— SUPPLIED DATA —
[Start of Attachment]

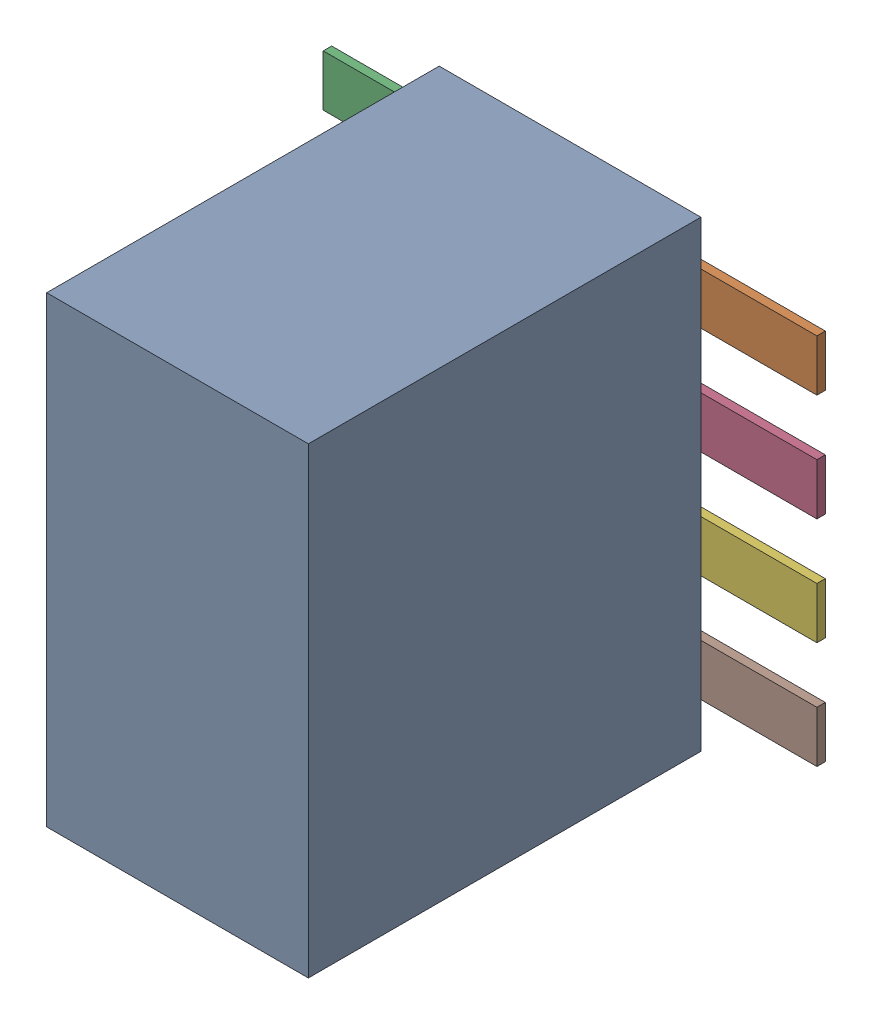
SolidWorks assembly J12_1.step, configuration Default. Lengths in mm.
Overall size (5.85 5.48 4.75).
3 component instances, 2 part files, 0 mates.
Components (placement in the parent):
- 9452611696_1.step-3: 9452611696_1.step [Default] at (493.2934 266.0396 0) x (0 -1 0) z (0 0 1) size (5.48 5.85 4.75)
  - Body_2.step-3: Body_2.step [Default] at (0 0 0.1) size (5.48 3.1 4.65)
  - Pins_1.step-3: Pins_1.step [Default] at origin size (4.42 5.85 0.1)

[End of Attachment]

— PROBLEM STATEMENT —
Check each line of the records above for the string "size", and report every line that has it.

— TASK ANSWER —
Overall size (5.85 5.48 4.75).
- 9452611696_1.step-3: 9452611696_1.step [Default] at (493.2934 266.0396 0) x (0 -1 0) z (0 0 1) size (5.48 5.85 4.75)
  - Body_2.step-3: Body_2.step [Default] at (0 0 0.1) size (5.48 3.1 4.65)
  - Pins_1.step-3: Pins_1.step [Default] at origin size (4.42 5.85 0.1)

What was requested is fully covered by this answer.